No, mejor dicho, todo empezó él 4 de julio de 2012, cuando aterricé en Santiago de Chile.

O más bien en junio de 2010 cuando experimenté lo que era vivir en otro país de forma independiente y muy lejos de casa, esa vez me acogió la bella airosa, la ciudad de Pachuca (México), la más linda.

Aunque, si lo pienso bien, puede que todo se remonte a un martes 13 de septiembre, allá por el año 88 en Ituzaingó (Buenos Aires) a pocos días del estallido de la primavera. O incluso antes…

Lo cierto es que desde hace un año algo cambió. Cambió justamente la forma de entender de dónde vengo, dónde empieza todo. Si empiezo a hilar lo que me ha llevado hasta aquí y me agarro a ese hilo con las dos manos intentando buscar el inicio, ¡quizá hasta dónde llegaré!

Pero comenzaré por los primeros pasos que me llevaron a intentar desenredar ‘algo’. Eso que no tenía nombre entonces y que tampoco lo tiene ahora, pero que poco a poco empieza a rodearse de nuevas preguntas, respuestas diferentes, claridad de a ratos así como nubes negras por momentos.

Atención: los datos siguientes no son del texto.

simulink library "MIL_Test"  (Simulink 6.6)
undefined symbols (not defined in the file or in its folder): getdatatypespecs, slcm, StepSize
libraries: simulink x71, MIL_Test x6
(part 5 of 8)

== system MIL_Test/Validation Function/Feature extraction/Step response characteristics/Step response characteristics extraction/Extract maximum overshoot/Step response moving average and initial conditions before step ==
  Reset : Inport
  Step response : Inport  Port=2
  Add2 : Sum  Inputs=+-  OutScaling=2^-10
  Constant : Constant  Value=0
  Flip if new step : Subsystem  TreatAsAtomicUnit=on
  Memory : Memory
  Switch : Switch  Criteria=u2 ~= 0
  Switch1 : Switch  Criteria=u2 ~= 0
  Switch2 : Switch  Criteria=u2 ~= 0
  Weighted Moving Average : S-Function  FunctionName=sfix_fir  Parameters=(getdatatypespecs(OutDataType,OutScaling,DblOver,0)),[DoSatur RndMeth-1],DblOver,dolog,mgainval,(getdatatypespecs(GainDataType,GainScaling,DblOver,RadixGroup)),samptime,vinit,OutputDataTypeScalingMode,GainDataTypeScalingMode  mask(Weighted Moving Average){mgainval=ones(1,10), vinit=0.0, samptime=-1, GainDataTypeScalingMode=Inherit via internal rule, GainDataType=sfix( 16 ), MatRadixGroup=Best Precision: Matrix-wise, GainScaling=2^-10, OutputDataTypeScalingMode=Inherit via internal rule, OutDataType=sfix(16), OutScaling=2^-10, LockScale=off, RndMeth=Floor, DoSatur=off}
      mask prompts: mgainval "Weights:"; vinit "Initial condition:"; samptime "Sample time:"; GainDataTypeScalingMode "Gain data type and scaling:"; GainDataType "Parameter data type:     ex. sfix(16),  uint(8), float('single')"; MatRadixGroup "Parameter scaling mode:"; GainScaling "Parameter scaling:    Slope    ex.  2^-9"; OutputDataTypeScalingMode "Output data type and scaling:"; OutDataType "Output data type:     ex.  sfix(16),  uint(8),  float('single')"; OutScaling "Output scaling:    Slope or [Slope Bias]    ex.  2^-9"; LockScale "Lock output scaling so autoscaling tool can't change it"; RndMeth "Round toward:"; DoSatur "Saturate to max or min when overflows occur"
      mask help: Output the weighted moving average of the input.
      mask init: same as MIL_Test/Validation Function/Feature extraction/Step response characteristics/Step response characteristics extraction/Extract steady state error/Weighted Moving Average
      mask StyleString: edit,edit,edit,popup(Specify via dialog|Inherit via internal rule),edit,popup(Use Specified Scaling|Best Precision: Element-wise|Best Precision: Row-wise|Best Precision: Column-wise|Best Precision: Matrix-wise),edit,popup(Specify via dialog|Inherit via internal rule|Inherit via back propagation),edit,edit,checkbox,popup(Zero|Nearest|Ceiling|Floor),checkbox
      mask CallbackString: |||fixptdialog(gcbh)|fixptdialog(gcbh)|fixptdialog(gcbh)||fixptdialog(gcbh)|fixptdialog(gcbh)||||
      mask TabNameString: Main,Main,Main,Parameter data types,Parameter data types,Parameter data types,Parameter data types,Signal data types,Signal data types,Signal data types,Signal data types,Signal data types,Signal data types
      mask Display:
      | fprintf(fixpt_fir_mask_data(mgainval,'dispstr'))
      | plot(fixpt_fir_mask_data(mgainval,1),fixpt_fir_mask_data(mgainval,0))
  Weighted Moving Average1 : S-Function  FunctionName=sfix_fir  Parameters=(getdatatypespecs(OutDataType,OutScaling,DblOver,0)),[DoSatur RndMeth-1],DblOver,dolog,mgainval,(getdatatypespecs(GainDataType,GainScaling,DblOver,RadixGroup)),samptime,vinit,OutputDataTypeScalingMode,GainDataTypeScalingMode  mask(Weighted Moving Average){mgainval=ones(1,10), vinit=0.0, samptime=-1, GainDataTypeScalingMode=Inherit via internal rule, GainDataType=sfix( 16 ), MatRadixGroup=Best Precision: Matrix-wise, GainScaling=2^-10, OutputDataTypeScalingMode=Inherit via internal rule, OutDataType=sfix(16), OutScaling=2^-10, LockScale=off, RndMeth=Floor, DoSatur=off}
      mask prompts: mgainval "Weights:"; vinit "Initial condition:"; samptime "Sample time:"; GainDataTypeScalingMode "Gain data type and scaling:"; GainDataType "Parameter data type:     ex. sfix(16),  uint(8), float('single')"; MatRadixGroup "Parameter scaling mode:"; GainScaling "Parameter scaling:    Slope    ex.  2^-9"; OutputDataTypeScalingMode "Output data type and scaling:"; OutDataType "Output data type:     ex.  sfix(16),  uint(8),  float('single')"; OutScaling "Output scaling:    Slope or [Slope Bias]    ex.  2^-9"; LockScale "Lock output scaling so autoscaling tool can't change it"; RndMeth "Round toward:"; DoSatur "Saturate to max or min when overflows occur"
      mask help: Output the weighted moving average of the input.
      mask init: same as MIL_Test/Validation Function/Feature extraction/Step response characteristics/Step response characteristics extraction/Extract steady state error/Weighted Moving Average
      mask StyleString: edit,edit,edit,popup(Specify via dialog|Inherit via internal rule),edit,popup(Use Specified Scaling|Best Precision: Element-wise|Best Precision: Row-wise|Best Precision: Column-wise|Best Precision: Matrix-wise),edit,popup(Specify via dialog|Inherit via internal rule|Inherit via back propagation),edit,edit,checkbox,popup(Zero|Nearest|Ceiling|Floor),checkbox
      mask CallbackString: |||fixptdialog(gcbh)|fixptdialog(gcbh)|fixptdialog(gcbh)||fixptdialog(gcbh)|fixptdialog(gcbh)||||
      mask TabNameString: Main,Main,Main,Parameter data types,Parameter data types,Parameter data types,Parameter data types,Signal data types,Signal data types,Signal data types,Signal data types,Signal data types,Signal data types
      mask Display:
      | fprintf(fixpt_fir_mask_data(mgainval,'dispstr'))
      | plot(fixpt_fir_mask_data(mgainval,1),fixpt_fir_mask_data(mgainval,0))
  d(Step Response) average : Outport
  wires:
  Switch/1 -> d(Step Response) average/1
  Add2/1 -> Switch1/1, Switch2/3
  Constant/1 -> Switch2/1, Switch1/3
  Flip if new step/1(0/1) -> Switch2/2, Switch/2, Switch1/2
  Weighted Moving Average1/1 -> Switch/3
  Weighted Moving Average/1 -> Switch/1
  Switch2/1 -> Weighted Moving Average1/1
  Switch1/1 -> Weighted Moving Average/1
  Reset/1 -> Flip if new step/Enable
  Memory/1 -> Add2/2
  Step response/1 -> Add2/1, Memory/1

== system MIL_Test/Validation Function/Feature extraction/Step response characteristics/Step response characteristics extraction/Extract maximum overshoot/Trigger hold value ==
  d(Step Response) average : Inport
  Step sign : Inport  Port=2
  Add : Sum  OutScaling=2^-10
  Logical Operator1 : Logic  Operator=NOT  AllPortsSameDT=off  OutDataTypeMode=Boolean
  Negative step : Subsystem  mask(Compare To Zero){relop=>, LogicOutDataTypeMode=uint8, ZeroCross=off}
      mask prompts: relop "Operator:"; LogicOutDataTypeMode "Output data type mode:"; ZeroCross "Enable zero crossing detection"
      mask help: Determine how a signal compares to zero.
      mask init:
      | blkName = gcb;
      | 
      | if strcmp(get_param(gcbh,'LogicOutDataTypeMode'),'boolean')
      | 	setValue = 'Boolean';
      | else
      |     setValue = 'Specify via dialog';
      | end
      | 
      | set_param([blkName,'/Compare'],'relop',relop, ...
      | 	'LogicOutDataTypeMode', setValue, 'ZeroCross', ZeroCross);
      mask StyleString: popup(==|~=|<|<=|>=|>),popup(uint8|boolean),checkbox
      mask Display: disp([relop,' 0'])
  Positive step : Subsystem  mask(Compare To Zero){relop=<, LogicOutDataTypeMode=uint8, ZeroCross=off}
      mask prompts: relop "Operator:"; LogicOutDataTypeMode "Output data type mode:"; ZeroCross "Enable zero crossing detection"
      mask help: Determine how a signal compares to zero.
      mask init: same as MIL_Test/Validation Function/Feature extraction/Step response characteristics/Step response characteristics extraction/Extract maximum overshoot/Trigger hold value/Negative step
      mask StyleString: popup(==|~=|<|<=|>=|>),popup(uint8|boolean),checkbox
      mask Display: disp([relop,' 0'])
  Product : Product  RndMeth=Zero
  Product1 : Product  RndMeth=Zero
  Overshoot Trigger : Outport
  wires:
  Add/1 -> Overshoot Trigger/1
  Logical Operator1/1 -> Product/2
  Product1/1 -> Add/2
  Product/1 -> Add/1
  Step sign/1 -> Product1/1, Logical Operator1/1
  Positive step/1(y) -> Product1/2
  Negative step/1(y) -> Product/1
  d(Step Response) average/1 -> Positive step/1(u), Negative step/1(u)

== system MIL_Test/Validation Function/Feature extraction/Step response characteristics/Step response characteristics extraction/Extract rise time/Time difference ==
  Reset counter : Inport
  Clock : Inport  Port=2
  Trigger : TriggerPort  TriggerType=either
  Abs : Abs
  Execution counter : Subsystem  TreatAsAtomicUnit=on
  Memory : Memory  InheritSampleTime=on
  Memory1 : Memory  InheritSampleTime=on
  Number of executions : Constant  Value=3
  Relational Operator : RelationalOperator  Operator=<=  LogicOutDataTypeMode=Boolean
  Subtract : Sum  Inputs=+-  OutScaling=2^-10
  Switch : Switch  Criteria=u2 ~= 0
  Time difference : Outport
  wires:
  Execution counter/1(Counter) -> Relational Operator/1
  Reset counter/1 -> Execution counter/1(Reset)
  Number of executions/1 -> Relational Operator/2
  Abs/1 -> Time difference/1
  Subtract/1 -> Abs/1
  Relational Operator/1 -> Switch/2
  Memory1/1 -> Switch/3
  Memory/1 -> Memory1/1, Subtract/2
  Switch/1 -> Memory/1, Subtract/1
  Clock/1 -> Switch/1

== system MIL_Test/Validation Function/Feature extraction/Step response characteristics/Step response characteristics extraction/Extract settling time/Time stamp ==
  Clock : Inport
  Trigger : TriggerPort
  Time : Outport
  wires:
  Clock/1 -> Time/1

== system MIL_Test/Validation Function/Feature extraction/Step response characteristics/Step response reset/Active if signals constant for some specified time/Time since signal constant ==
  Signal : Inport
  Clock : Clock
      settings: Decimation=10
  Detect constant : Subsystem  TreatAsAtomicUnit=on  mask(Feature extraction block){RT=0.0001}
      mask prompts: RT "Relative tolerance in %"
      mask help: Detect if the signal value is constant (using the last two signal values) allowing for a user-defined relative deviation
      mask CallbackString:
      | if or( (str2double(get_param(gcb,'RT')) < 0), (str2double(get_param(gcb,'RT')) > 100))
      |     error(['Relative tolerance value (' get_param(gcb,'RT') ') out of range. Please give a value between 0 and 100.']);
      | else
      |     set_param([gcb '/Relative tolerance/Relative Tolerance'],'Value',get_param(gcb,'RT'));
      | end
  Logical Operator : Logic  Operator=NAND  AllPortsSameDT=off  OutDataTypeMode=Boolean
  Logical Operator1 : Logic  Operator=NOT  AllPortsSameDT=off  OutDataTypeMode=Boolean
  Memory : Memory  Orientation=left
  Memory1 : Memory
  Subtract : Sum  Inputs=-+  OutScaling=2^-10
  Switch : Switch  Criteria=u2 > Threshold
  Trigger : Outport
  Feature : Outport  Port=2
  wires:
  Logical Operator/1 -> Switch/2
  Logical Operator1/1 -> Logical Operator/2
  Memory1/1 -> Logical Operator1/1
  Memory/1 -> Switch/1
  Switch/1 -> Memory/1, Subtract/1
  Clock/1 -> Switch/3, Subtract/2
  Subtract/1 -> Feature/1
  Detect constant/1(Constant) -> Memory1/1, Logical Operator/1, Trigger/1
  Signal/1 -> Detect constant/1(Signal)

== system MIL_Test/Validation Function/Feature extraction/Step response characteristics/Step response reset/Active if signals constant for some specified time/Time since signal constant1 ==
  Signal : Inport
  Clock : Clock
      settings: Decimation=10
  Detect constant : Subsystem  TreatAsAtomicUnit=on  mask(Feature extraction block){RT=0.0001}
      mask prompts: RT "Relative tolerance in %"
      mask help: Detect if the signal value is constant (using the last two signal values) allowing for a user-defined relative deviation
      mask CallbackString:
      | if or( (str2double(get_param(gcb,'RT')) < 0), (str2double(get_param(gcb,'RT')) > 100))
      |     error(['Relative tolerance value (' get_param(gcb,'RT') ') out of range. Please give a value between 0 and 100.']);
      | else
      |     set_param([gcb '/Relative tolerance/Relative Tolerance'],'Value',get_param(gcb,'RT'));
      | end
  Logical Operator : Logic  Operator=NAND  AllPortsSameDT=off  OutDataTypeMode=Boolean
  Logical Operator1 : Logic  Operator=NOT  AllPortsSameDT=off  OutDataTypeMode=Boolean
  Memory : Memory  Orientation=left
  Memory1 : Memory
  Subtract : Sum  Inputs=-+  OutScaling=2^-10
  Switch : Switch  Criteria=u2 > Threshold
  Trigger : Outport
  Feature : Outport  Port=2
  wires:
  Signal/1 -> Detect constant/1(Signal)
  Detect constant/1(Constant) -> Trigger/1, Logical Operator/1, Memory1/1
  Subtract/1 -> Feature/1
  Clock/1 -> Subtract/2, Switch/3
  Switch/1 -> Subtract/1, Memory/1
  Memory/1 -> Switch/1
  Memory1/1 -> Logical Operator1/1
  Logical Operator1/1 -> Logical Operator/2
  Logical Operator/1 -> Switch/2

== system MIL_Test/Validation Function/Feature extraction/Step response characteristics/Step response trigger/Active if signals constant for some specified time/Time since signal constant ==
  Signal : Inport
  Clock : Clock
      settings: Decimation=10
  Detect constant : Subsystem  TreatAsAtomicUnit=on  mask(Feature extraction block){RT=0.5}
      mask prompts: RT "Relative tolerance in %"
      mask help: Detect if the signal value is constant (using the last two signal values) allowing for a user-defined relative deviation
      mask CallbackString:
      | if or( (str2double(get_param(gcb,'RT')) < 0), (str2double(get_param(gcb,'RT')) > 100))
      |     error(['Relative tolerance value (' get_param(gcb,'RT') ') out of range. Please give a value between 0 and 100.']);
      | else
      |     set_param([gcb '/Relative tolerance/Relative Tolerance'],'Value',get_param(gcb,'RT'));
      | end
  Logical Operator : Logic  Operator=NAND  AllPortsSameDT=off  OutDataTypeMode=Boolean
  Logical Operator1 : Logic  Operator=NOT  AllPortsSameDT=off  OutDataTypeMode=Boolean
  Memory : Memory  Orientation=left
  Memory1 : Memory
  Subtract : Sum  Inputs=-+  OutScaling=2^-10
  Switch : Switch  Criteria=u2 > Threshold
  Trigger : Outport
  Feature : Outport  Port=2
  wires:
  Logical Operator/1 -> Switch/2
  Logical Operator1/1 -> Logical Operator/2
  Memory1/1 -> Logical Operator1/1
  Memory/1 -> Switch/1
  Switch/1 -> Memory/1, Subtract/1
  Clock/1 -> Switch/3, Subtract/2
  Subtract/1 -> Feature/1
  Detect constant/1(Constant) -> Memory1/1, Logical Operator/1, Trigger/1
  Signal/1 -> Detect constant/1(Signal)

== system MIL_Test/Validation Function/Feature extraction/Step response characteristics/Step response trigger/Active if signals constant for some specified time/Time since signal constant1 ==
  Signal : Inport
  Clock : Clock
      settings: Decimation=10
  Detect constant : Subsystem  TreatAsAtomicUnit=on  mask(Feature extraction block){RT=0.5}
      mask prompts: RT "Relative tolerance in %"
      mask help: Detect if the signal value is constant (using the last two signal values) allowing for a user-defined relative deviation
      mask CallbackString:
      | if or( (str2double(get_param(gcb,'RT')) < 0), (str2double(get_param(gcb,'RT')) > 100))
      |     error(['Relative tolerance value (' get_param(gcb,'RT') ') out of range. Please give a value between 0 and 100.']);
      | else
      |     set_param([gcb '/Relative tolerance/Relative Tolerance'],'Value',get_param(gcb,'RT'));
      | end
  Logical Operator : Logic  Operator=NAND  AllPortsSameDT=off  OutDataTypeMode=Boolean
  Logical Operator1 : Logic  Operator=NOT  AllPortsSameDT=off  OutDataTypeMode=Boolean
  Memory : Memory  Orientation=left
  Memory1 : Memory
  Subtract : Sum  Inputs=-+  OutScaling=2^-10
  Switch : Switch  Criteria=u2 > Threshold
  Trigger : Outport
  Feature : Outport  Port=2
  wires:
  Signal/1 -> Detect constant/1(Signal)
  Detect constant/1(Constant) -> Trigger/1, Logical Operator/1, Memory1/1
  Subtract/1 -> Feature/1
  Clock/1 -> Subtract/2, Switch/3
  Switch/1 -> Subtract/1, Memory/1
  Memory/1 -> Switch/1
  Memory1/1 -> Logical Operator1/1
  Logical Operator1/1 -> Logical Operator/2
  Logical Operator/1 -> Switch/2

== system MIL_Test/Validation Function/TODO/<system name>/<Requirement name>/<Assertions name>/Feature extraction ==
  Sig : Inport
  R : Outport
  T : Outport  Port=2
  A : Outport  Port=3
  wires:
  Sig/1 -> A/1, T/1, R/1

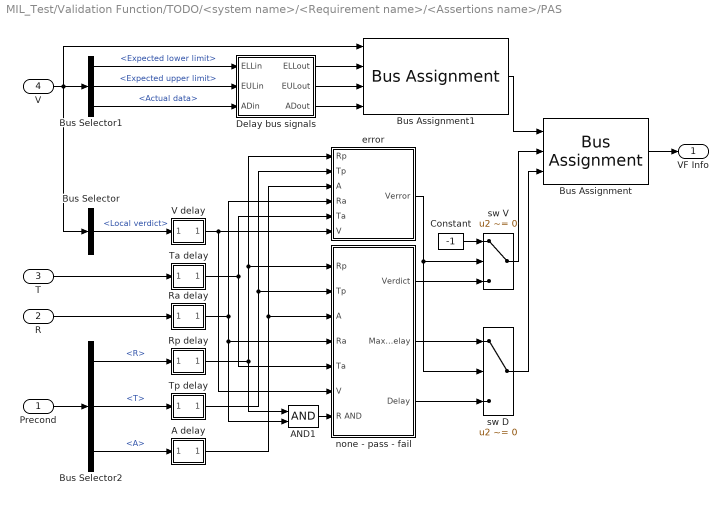
== system MIL_Test/Validation Function/TODO/<system name>/<Requirement name>/<Assertions name>/PAS ==
  Precond : Inport
  R : Inport  Port=2
  T : Inport  Port=3
  V : Inport  Port=4
  A delay : Subsystem  TreatAsAtomicUnit=on  mask{Delay=0}
      mask prompts: Delay "Delay (in simulation steps) for the input signal:"
      mask init:
      | %set_param([gcb '/Discrete Transfer Fcn'],'Denominator',['[' num2str([1 zeros(1,str2double(get_param(gcb,'Delay')))]) ']']);
      mask CallbackString:
      | Delay = str2double(get_param(gcb,'Delay'));
      | if Delay < 0
      |     set_param(gcb,'Delay','0');
      |     error('Only non-negative delays are possible (causality).');
      |     set_param([gcb '/Delay'],'Value','0');
      | elseif Delay == 0
      |     set_param([gcb '/Delay'],'Value','0');
      | else
      |     set_param([gcb '/Integer Delay'],'NumDelays',num2str(Delay));
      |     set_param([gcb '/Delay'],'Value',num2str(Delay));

Así que tomaré ese hilo a partir del 20 de diciembre de 2015 cuando con una mochila monstruosa y una maleta de mano me subí al Centropuerto de Santiago algo ebria para llegar al Aeropuerto y volar rumbo al Fin del Mundo. Fue un proceso intenso el que me llevó a este punto: separarme de la persona que más quería; dejar el hogar construido, las amistades, el trabajo, la ciudad que me acogió por más de 3 años; venderlo todo o casi todo. Pero al fin creí estar con lo justo y necesario.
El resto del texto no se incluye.